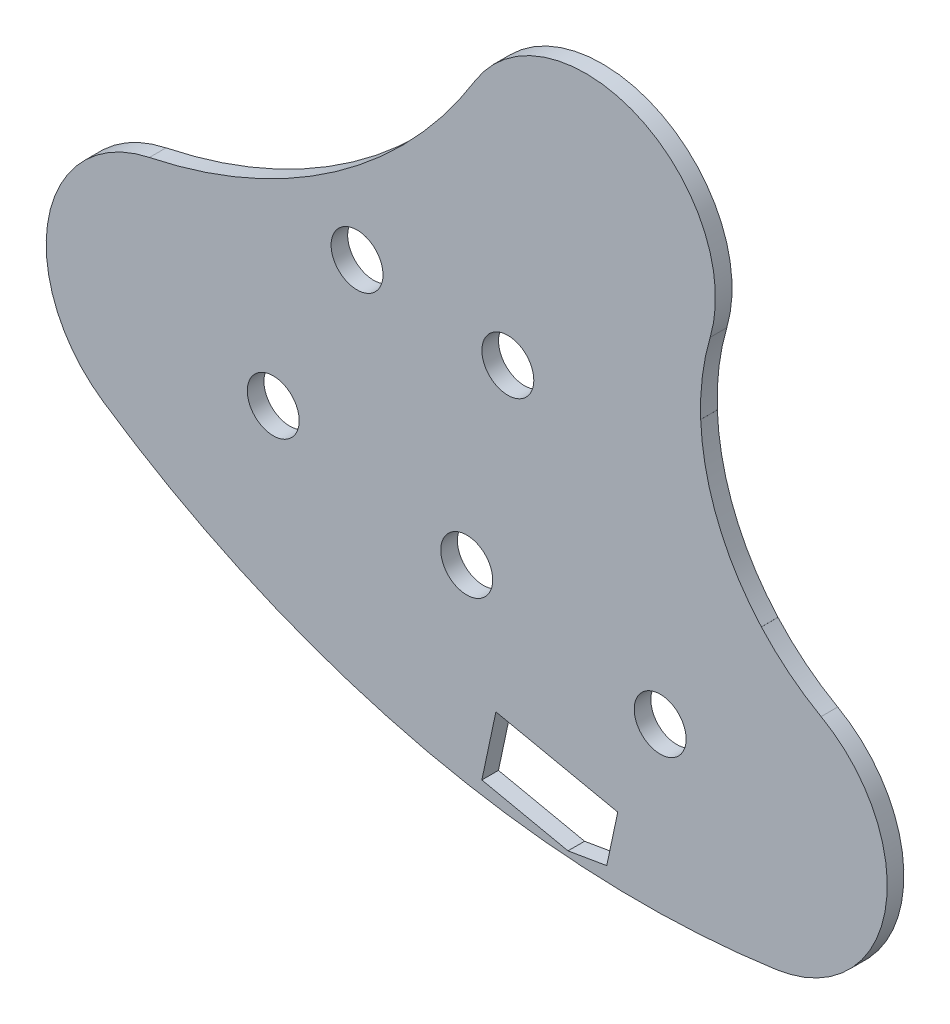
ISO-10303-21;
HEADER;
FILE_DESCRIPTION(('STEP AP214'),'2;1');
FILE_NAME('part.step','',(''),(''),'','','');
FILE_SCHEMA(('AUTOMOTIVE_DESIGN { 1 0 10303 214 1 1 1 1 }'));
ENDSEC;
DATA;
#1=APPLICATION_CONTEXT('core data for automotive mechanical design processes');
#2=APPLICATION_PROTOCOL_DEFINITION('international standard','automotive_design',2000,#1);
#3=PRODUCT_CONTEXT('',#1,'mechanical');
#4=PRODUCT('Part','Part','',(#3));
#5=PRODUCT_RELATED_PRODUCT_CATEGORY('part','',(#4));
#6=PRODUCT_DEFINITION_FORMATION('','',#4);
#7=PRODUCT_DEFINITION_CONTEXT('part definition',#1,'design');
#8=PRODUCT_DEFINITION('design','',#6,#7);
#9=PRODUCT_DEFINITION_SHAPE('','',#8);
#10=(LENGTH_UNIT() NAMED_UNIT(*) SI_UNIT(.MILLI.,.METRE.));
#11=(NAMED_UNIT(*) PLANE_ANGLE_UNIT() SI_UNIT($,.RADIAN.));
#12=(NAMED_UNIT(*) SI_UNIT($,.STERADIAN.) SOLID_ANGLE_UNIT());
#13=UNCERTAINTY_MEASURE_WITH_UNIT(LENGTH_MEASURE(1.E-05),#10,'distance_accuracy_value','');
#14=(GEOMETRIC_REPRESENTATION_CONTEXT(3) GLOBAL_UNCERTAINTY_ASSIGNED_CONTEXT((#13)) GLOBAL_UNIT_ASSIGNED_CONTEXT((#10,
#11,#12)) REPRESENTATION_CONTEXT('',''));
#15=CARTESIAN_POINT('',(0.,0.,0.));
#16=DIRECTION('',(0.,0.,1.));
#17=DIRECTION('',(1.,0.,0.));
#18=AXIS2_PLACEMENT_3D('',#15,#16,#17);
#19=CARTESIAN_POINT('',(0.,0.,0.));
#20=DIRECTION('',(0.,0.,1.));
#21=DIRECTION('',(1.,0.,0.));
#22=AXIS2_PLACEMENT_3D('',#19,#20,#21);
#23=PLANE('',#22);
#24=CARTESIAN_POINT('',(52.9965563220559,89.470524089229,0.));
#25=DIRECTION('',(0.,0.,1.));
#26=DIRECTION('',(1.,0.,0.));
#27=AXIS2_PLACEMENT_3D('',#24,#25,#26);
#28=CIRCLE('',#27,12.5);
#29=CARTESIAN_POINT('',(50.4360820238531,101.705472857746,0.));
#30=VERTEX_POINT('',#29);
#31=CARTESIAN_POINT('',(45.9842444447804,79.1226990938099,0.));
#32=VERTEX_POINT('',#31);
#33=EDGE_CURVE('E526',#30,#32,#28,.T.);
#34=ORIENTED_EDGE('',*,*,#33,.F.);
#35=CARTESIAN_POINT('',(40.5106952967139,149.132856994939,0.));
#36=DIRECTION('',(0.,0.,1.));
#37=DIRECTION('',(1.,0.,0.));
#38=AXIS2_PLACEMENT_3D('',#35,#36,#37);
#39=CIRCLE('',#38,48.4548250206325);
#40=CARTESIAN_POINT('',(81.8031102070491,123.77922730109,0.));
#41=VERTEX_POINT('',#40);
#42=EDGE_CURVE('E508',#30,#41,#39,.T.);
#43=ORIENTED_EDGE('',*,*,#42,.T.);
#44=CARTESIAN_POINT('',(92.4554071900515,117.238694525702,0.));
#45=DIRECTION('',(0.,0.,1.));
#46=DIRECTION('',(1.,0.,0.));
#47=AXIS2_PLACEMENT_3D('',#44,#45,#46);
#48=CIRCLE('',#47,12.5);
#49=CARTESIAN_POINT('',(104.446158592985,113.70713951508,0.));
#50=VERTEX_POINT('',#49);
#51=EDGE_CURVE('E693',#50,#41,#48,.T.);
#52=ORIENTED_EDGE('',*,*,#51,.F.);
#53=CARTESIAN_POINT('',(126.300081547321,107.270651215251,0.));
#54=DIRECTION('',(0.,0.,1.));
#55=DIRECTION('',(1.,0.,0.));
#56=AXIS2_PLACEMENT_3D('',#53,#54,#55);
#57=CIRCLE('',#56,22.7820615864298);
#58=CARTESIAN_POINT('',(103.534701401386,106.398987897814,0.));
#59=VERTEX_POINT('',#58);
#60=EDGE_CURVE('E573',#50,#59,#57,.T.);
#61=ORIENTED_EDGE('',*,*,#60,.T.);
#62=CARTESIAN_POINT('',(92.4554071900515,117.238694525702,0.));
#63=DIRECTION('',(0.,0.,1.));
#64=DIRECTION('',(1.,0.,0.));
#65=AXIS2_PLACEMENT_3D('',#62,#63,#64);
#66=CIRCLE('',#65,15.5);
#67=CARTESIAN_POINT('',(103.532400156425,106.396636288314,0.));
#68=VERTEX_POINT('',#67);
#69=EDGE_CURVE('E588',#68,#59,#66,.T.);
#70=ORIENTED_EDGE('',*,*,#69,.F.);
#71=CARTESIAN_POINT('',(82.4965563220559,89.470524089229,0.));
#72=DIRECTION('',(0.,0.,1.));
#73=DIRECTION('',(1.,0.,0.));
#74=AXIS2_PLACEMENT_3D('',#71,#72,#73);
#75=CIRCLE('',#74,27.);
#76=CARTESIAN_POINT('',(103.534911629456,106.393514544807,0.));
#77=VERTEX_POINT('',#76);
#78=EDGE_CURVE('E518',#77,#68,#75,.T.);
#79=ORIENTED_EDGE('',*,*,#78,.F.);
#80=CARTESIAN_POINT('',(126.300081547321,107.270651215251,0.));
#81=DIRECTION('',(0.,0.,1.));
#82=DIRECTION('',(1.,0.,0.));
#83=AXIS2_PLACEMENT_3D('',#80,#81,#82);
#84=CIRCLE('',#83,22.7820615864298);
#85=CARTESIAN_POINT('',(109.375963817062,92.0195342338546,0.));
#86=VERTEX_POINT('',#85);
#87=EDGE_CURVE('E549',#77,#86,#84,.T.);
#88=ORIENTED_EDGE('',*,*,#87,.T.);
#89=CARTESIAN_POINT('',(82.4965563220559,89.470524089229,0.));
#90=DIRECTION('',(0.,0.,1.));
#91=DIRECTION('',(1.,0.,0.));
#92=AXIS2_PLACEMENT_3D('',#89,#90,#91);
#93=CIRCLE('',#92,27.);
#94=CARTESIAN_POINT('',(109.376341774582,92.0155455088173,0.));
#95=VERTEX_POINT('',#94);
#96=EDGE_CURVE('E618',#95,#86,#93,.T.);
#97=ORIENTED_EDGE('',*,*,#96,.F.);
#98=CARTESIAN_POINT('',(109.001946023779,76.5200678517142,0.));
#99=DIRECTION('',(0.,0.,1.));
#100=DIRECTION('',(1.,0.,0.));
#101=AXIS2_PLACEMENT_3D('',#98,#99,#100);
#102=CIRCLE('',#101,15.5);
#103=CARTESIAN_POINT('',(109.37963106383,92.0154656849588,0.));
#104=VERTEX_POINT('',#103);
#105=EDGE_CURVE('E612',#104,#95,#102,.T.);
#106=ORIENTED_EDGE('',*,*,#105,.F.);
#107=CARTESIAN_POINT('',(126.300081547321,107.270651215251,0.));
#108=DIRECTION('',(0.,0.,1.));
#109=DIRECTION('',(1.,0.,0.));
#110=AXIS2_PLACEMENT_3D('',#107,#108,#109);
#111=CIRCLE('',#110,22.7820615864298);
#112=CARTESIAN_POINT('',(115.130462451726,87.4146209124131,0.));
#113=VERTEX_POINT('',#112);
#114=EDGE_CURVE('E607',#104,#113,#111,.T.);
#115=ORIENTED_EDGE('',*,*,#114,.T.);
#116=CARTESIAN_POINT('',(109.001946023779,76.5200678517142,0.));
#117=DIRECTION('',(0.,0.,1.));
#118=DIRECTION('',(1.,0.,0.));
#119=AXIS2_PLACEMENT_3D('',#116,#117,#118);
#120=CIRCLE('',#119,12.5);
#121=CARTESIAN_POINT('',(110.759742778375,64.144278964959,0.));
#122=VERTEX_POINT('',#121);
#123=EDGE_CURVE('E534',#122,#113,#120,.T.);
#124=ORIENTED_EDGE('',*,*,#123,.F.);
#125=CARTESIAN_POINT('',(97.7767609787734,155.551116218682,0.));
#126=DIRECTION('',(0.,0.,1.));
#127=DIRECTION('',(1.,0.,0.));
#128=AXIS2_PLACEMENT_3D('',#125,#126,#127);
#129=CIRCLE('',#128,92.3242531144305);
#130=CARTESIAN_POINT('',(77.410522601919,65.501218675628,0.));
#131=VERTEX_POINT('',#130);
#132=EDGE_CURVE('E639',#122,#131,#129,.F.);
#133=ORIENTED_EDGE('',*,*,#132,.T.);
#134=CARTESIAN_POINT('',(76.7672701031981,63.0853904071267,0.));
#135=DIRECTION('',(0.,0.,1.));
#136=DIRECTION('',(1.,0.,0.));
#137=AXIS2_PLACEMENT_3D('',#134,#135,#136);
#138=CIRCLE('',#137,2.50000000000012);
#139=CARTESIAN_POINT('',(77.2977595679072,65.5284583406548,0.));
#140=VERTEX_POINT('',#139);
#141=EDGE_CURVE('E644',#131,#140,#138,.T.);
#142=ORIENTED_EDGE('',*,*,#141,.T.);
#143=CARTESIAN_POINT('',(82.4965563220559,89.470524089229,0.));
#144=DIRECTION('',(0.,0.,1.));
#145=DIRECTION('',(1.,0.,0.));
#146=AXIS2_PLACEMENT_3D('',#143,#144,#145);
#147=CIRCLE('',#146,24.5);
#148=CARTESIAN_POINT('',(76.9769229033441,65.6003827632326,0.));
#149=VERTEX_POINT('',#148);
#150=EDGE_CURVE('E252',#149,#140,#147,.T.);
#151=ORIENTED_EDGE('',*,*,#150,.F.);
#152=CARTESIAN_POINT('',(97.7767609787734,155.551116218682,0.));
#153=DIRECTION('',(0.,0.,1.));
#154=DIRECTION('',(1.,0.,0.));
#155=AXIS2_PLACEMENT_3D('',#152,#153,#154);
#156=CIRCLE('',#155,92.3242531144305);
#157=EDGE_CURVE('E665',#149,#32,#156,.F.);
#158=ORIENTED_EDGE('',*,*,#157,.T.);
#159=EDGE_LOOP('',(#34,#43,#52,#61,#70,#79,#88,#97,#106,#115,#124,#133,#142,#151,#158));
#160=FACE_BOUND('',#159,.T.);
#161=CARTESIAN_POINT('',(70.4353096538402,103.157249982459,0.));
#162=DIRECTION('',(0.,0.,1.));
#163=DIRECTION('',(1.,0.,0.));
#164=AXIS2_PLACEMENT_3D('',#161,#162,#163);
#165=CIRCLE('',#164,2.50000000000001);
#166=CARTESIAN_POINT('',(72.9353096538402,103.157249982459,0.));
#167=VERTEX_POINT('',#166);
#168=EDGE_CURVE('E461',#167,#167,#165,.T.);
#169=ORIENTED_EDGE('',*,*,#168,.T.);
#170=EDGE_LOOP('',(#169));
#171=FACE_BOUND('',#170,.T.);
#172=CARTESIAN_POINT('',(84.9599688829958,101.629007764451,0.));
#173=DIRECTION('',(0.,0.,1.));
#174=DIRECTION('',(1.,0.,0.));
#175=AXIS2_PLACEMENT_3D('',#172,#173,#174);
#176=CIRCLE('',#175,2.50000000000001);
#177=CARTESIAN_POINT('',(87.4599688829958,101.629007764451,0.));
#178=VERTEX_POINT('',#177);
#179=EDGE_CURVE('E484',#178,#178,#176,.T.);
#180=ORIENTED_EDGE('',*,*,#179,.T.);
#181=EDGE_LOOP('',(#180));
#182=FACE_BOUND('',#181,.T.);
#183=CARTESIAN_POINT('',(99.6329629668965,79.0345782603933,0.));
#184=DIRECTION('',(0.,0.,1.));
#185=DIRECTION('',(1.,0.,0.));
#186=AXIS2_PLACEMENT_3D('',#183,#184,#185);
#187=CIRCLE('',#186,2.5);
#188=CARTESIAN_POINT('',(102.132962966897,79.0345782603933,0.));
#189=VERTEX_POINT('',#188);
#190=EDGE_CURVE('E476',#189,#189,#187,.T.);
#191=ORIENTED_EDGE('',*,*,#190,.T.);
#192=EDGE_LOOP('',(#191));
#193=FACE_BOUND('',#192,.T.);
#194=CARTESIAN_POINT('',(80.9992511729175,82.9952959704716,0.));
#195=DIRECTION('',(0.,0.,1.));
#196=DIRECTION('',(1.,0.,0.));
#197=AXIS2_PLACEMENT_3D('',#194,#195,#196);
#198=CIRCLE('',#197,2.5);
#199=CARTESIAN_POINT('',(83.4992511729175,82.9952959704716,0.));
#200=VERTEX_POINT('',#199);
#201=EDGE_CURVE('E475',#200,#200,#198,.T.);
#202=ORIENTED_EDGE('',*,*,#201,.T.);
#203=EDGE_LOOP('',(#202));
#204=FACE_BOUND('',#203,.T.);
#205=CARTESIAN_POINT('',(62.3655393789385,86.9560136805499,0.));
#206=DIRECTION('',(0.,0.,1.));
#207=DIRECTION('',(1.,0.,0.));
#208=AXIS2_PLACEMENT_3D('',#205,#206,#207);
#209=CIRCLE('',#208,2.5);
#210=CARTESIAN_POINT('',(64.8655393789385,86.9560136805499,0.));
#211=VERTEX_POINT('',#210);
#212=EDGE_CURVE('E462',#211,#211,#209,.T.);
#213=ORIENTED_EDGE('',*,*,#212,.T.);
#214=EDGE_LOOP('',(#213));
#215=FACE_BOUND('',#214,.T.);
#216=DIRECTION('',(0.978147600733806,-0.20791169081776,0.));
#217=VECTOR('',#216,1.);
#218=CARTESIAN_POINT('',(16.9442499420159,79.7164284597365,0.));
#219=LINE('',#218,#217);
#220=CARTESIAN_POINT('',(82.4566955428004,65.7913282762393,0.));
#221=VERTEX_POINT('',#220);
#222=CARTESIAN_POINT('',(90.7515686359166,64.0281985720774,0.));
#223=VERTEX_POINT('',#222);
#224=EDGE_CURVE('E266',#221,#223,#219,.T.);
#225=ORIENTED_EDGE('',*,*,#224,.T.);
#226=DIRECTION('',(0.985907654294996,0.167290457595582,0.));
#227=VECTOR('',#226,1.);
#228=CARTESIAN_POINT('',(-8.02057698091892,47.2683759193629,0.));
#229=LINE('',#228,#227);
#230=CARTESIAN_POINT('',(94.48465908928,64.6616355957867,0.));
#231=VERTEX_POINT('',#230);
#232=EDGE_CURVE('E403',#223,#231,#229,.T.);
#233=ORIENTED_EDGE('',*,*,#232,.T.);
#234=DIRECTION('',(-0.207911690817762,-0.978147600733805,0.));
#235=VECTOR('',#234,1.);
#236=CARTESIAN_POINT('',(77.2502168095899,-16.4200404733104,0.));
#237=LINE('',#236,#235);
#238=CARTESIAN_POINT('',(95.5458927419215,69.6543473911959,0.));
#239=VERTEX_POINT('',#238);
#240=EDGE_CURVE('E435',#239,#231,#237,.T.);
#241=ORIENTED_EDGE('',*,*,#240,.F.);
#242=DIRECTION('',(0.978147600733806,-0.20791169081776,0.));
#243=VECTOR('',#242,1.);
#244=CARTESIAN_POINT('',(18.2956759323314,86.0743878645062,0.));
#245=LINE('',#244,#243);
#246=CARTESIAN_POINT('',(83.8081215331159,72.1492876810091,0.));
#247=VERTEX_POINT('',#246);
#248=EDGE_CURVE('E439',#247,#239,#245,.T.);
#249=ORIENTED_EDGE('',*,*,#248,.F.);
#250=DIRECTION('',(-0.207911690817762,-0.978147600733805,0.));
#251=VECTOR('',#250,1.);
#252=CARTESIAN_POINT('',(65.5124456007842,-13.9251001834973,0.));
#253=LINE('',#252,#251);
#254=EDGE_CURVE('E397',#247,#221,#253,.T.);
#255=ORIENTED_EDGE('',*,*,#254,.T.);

++++++++

Using the entries above, give again exactly the lines from the line holding "#61=ORIENTED_EDGE('',*,*,#60,.T.);" through the line holding "#73=DIRECTION('',(1.,0.,0.));". Include both end lines and nothing else.

#61=ORIENTED_EDGE('',*,*,#60,.T.);
#62=CARTESIAN_POINT('',(92.4554071900515,117.238694525702,0.));
#63=DIRECTION('',(0.,0.,1.));
#64=DIRECTION('',(1.,0.,0.));
#65=AXIS2_PLACEMENT_3D('',#62,#63,#64);
#66=CIRCLE('',#65,15.5);
#67=CARTESIAN_POINT('',(103.532400156425,106.396636288314,0.));
#68=VERTEX_POINT('',#67);
#69=EDGE_CURVE('E588',#68,#59,#66,.T.);
#70=ORIENTED_EDGE('',*,*,#69,.F.);
#71=CARTESIAN_POINT('',(82.4965563220559,89.470524089229,0.));
#72=DIRECTION('',(0.,0.,1.));
#73=DIRECTION('',(1.,0.,0.));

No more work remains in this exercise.